Friday, April 20, 2007 |
And then I brushed my teeeeth |
Beloved and I head back to my parents' house today. We are getting the kidlets back tomorrow, and driving back here after we have dinner with my parents and my brother and his wife-who-is-about-to-pop, and who I'm liking a lot more lately. I think she is a little shy (or self-protective? or unsure of herself? or, perhaps, from what others say of me, she has been intimidated by me? some say I do that to people. It's not on purpose. I promise.) and that may be why it's been hard to get close. But I reached out this past weekend, and I brought her some baby-presents, which included this kick ass diaper bag (yes, that is a diaper bag, despite its awesomeness), some baby books, a book for my brother, and some Allagash Tripel for my brother, which I introduced him to on Christmas Eve, and which he cannot get south of Massachusetts. And we had a nice talk, and she used the word "fuck." It makes me trust people more if they're willing to say "fuck" to me. Trust that the barriers are down, and they're being real. Which is funny, because there was a time in my life where I thought that saying fuck meant that the person speaking was a sinner and would go to hell unless they accepted Jesus Christ as their lord and savior. Now I think it means someone is a real person. [pause over that.] Yep, seems accurate.
Anyway. I decided to "go slow" this a.m. I've been getting up at 7 or earlier every day this week, despite the girls' absence, and going to the gym, and doing my usual stuff. Today, however, I got up at 8:30, and then decided to "blog for a minute" which somehow turned into 2 hours (so far). I have my IP book sitting next to me here, and I mean to crack it open to do the reading for my 3:30 make up class. I am going to do that as soon as publish this rambling post. Then I will assess the time, and either a) get in the shower; or b) get on the bike (dirty) and go to the gym before class. I've been exercising 6 days a week, and if today's my day off, that's okay with me. It is also beautiful out, though, so I could consider running around the lake. Again, depending on the time. I also need to pack. That sort of tips the scales toward today being a day off.
Last Saturday a.m., I was at my parents' house, and I went for a jog in the country. In the year 2000, my ex and I lived separately - not because of marital strife - but b/c his academic career brought him to another country for 6+ months. The fact that this sort of thing is acceptable to him is probably 30% of the reason for our eventual divorce. The realizations that the time apart granted me is probably another 30%.
Anyway. While he was gone, I made it my mission to lose my baby weight. I couldn't afford a gym, b/c I had no husband and I was working part-time so I could be with my babies as much as possible (my mom also worked part-time, and together, we provided for their full-time care), so I ran around in the country. I lost a lot of weight, felt great, and enjoyed my time in the out of doors in hte early mornings before the birds woke up.

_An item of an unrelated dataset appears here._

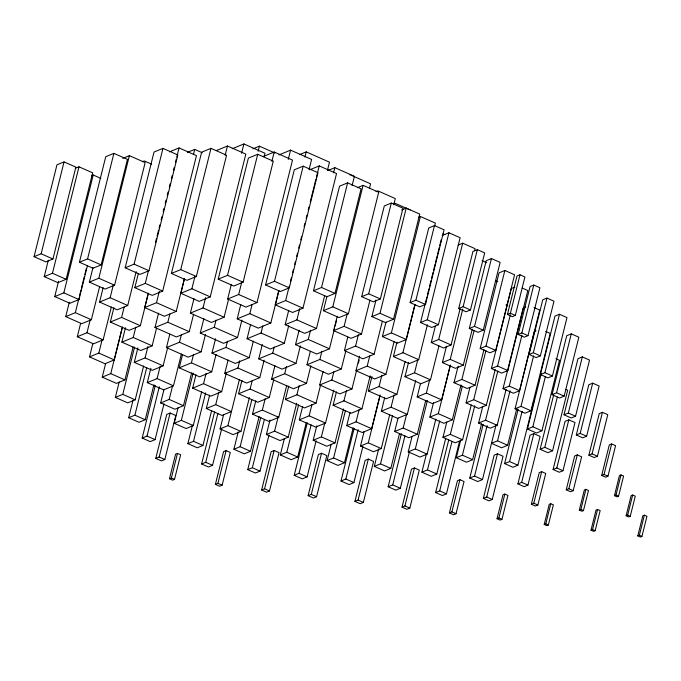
<?xml version="1.0" encoding="UTF-8"?>
<svg xmlns="http://www.w3.org/2000/svg" width="681" height="681" viewBox="0 0 681 681"><rect width="100%" height="100%" fill="white"/><g stroke="black" fill="none" stroke-linecap="round" stroke-linejoin="round"><path stroke-width="1.02" d="M34.05 256.686L56.957 164.828L64.048 161.916L75.855 167.134L52.948 258.993L45.857 261.904L34.05 256.686L41.141 253.783L52.948 258.993M41.141 253.783L64.048 161.916M75.336 168.301L78.987 166.802L92.667 172.838L66.134 279.287L57.911 282.658L44.231 276.622L48.317 260.244M44.231 276.622L52.446 273.251L78.987 166.802M87.415 265.726L78.987 299.546L69.888 303.275L54.735 296.584L58.566 281.21M54.735 296.584L63.835 292.856L93.22 175L100.797 178.345M99.579 286.778L91.365 319.738L81.746 323.688L65.716 316.614L69.317 302.194M79.43 262.228L105.742 156.707L113.889 153.37L127.449 159.354L101.146 264.875L92.999 268.22L79.43 262.228L87.577 258.891L101.146 264.875M87.577 258.891L113.889 153.37M65.716 316.614L75.344 312.664L78.936 298.244M79.447 296.184L80.988 290.004M81.507 287.944L84.333 276.614M84.844 274.545L86.385 268.365M122.759 158.367L129.39 155.643L145.147 162.606L114.578 285.203L105.112 289.084L89.356 282.121L92.956 267.701M111.352 306.927L103.137 339.862L93.45 343.837L77.302 336.712L80.639 323.33M89.356 282.121L98.822 278.24L129.39 155.643M77.302 336.712L86.998 332.737L90.335 319.355M136.183 271.549L127.722 305.497L117.158 309.821L99.579 302.058L103.163 287.654M122.503 326.965L114.289 359.909L104.993 363.722L89.509 356.887L92.846 343.505M99.579 302.058L110.135 297.725L113.216 285.382M89.509 356.887L98.813 353.073L102.141 339.691M148.015 294.899L140.337 325.714L129.075 330.336L110.322 322.053L113.906 307.676M125.168 267.812L154.034 152.05L162.963 148.381L177.843 154.953L148.986 270.715L140.048 274.383L125.168 267.812L134.106 264.143L148.986 270.715M133.144 346.918L124.921 379.896L116.417 383.386L102.244 377.129L105.581 363.731M134.106 264.143L162.963 148.381M110.322 322.053L121.584 317.44L124.146 307.165M102.244 377.129L110.748 373.631L122.052 328.293M169.543 151.837L179.043 147.939L196.46 155.634L162.691 291.076L152.238 295.367L134.821 287.671L138.405 273.311M156.511 328.353L152.144 345.846L140.788 350.502L121.873 342.151L125.466 327.74M143.631 365.952L135.187 399.832L127.739 402.888L115.336 397.406L119.175 382.015M134.821 287.671L145.274 283.381L148.347 271.072M155.515 242.342L156.536 238.239M157.047 236.188L158.579 230.025M159.09 227.973L159.856 224.9M161.142 219.767L161.908 216.686M163.185 211.561L163.951 208.48M165.236 203.347L166.002 200.274M167.279 195.141L168.045 192.068M169.322 186.934L170.097 183.853M171.374 178.72L172.14 175.647M173.417 170.514L174.183 167.441M175.468 162.308L176.234 159.226M176.745 157.175L179.043 147.939M121.873 342.151L133.229 337.487L135.8 327.195M115.336 397.406L122.784 394.35L134.557 347.131M184.415 278.486L176.209 311.413L164.376 316.265L144.661 307.557L148.254 293.153M167.739 347.319L163.108 365.867L152.289 370.311L134.268 362.352L137.868 347.914M144.661 307.557L156.502 302.704L159.32 291.391M193.438 154.536L194.723 149.394L202.231 152.706M153.94 384.714L145.206 419.743L139.009 422.288L128.675 417.725L133.042 400.207M134.268 362.352L145.087 357.908L147.913 346.569M193.591 314.222L189.241 331.69L176.388 336.959L154.996 327.51L158.579 313.124M128.675 417.725L134.881 415.18L146.696 367.783M171.391 273.447L201.627 152.186L210.982 148.347L226.569 155.234L196.341 276.495L186.977 280.334L171.391 273.447L180.746 269.608L196.341 276.495M181.393 354.009L173.459 385.821L163.636 389.847L147.283 382.62L150.867 368.259M180.746 269.608L210.982 148.347M154.996 327.51L167.841 322.241L169.892 314.018M164.044 403.663L155.072 439.628L150.237 441.611L142.176 438.053L155.242 385.642M147.283 382.62L157.107 378.593L160.171 366.284M205.492 334.354L201.133 351.822L188.126 357.159L166.462 347.591L169.79 334.235M216.456 150.527L227.471 146.006L245.824 154.11L210.233 296.873L199.21 301.394L180.857 293.29L184.44 278.912M142.176 438.053L147.011 436.07L159.311 386.74M191.642 372.882L183.453 405.723L174.898 409.23L160.648 402.939L163.976 389.6M180.857 293.29L191.88 288.77L194.953 276.443M225.164 155.251L227.471 146.006M166.462 347.591L179.469 342.254L181.265 335.061M228.467 299.717L224.092 317.252L211.433 322.445L190.357 313.132L193.957 298.695M160.648 402.939L169.203 399.432L172.531 386.084M155.779 458.398L166.751 414.414L170.139 413.018L175.8 415.512L164.828 459.505L161.431 460.901L155.779 458.398L159.175 457.011L164.828 459.505M216.073 354.367L211.731 371.8L199.533 376.806L179.231 367.834L182.551 354.503M159.175 457.011L170.139 413.018M201.712 391.66L193.251 425.608L186.109 428.536L174.208 423.284L178.056 407.851M190.357 313.132L203.015 307.94L205.585 297.631M241.585 153.225L243.9 143.946L264.986 153.259L264.211 156.349M179.231 367.834L191.421 362.837L193.464 354.631M241.9 320.087L237.533 337.58L223.555 343.318L200.274 333.035L203.866 318.623M174.208 423.284L181.35 420.347L193.149 373.035M218.201 279.167L248.378 158.12L257.724 154.289L273.285 161.159L243.1 282.206L233.762 286.037L218.201 279.167L227.539 275.328L243.1 282.206M169.458 478.76L175.587 454.159L177.486 453.384L180.644 454.78L174.515 479.373L172.616 480.156L169.458 478.76L171.357 477.977L174.515 479.373M226.288 373.162L221.665 391.703L210.778 396.163L192.646 388.161L195.983 374.771M171.357 477.977L177.486 453.384M200.274 333.035L214.251 327.297L216.047 320.096M258.133 151.318L259.41 146.168L274.937 153.021M227.539 275.328L257.724 154.289M211.68 410.422L202.938 445.468L197.294 447.792L187.879 443.637L192.51 425.08M192.646 388.161L203.534 383.692L206.105 373.392M253.323 341.224L249.22 357.695L235.234 363.424L211.953 353.141L215.545 338.738M263.198 156.536L274.196 152.025L292.507 160.112L256.984 302.585L245.986 307.097L227.675 299.002L231.276 284.556M187.879 443.637L193.532 441.314L205.611 392.86M206.309 408.515L215.715 404.659L231.361 411.571L221.963 415.427L206.309 408.515L209.654 395.099M227.675 299.002L238.673 294.498L241.764 282.104M271.881 161.32L274.196 152.025M211.953 353.141L225.93 347.412L227.471 341.232M215.715 404.659L218.797 392.273M278.784 291.076L270.834 322.956L258.21 328.14L237.192 318.853L240.776 304.45M221.742 428.528L212.557 465.327L208.454 467.013L201.627 463.999L214.626 411.852M264.151 360.13L259.776 377.666L246.633 383.054L224.756 373.392L228.101 359.977M201.627 463.999L205.73 462.314L217.963 413.239M249.391 397.602L240.955 431.422L233.123 434.64L220.082 428.877L223.657 414.533M237.192 318.853L249.816 313.677L252.123 304.416M288.276 159.405L290.583 150.143L311.609 159.431L309.038 169.714M224.756 373.392L237.89 368.004L239.695 360.777M288.684 325.79L284.326 343.292L270.34 349.021L247.058 338.746L250.651 324.335M220.082 428.877L227.914 425.668L239.414 379.547M215.409 484.361L223.564 451.656L226.092 450.618L230.297 452.473L222.134 485.187L219.614 486.225L215.409 484.361L217.929 483.331L222.134 485.187M265.59 284.947L294.303 169.799L303.19 166.155L317.993 172.693L289.28 287.842L280.393 291.485L265.59 284.947L274.486 281.304L289.28 287.842M273.651 380.024L269.293 397.508L257.776 402.233L238.597 393.763L241.934 380.39M217.929 483.331L226.092 450.618M247.058 338.746L261.044 333.009L262.84 325.807M304.918 157.022L306.203 151.88L329.485 162.163L327.433 170.395M274.486 281.304L303.19 166.155M259.155 416.559L250.497 451.273L244.275 453.827L233.898 449.247L238.231 431.89M238.597 393.763L250.114 389.047L252.166 380.815M300.364 345.905L296.005 363.399L282.028 369.136L258.737 358.853L262.33 344.441M309.787 169.782L319.236 165.9L336.542 173.544L302.968 308.195L292.575 312.46L275.269 304.816L278.852 290.421M233.898 449.247L240.129 446.693L251.834 399.73M286.727 385.42L278.767 417.351L268.91 421.394L252.489 414.15L255.826 400.76M275.269 304.816L285.662 300.551L289.246 286.156M290.532 281.023L291.298 277.942M292.583 272.8L293.349 269.719M294.635 264.577L295.401 261.495M296.678 256.354L297.452 253.272M298.729 248.131L299.504 245.049M300.781 239.908L301.547 236.826M304.109 226.543L304.884 223.462M306.161 218.32L306.935 215.239M308.212 210.097L308.978 207.015M310.264 201.874L315.899 179.265M316.41 177.205L319.236 165.9M258.737 358.853L272.723 353.116L274.264 346.944M252.489 414.15L262.347 410.107L265.173 398.777M268.969 435.176L260.006 471.124L255.409 473.006L247.748 469.626L260.814 417.249M310.868 365.884L306.51 383.369L293.409 388.74L271.6 379.104L274.937 365.74M324.667 295.614L316.461 328.523L304.705 333.349L285.143 324.701L288.727 310.306M247.748 469.626L252.353 467.736L264.381 419.47M296.703 403.186L288.225 437.193L280.036 440.556L266.39 434.529L269.982 420.1M285.143 324.701L296.89 319.883L299.708 308.57M333.562 172.804L334.848 167.662L354.409 176.302L352.103 185.555M271.6 379.104L284.692 373.733L286.488 366.54M334.592 328.174L329.451 348.8L316.716 354.018L295.511 344.654L299.112 330.217M266.39 434.529L274.579 431.167L278.18 416.746M261.623 490.005L271.174 451.699L274.128 450.482L279.048 452.661L269.497 490.967L266.543 492.176L261.623 490.005L264.577 488.788L269.497 490.967M320.649 384.739L316.044 403.22L304.552 407.928L285.424 399.483L288.753 386.136M313.464 290.787L339.547 186.185L347.625 182.866L361.066 188.807L334.984 293.417L326.914 296.729L313.464 290.787L321.543 287.476L334.984 293.417M264.577 488.788L274.128 450.482M295.511 344.654L308.246 339.436L310.553 330.149M321.543 287.476L347.625 182.866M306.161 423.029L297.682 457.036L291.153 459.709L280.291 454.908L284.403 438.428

That is the route I took last Saturday a.m. It was FUN to revisit. And it's so different from running here in an urban setting. While I was running, I passed this bush. Out of a bush came a ..... creature. I honestly don't know what it was, but it ran out, practically ran OVER my shoe, all in a flurry, and then ran in a circle back to the bush. It was quick and furtive like a squirrell, but I thought I heard the flapping of wings, like a bird. A bird, however, would never have come that close to me. I think it was a bat. Which is scary, b/c if it bit me, I'd probably have rabies. But it didn't really touch me.
However, I YELLED. I was so scared! My heart was racing (and if it was racing beyond the speed it was already at due to running, I'm lucky I didn't just die of a heart attack!).
That would have never happened here.
I'm willing to see tomorrow a.m. if it will happen again.
______________________________
Last night, E called me at 10:15 p.m. She was missing me a lot, but sounded like she was having a really good time - her voice was up and happy, and I could tell she's okay. Some way into the conversation, however, she told me that J was crying, and her father was talking to her to try and figure out what was wrong. E said she thinks that J was missing me, and she was mad at her dad b/c they again watched CSI, scaring J out of her wits. That made E miss Beloved and I.
It was hard to put all of this together because she was using the ex's cell phone, and it doesn't work in his house. He has a land line, but they can't place outgoing calls from it (he's subletting), they can only receive. So I said I'd call the landline. She said I can't, b/c the ex was waiting for "an important business call." It was now 10:30. p.m. Hello? I said, "um, it's 10:30." She said, "yeah, I know, seems dumb." I dropped it. E then talked to Beloved, and then J talked to beloved, and then J wanted to talk to me. She couldn't understand me - I couldn't understand her - but I could tell that her voice was thin, and she was upset. She was being all "strong" and saying, "well, I can't understand you, so I guess I'll call you tomorrow." But she was fighting crying, I could tell.
I was so angry. I get angry at my ex kind of rarely. I'm just not emotionally invested in him. But he knew that the kids and I were struggling to hear one another, and he just didn't care. He kept insisting he was waiting for an "important business call" at 11 at night (by the time we hung up). I think he's an asshole.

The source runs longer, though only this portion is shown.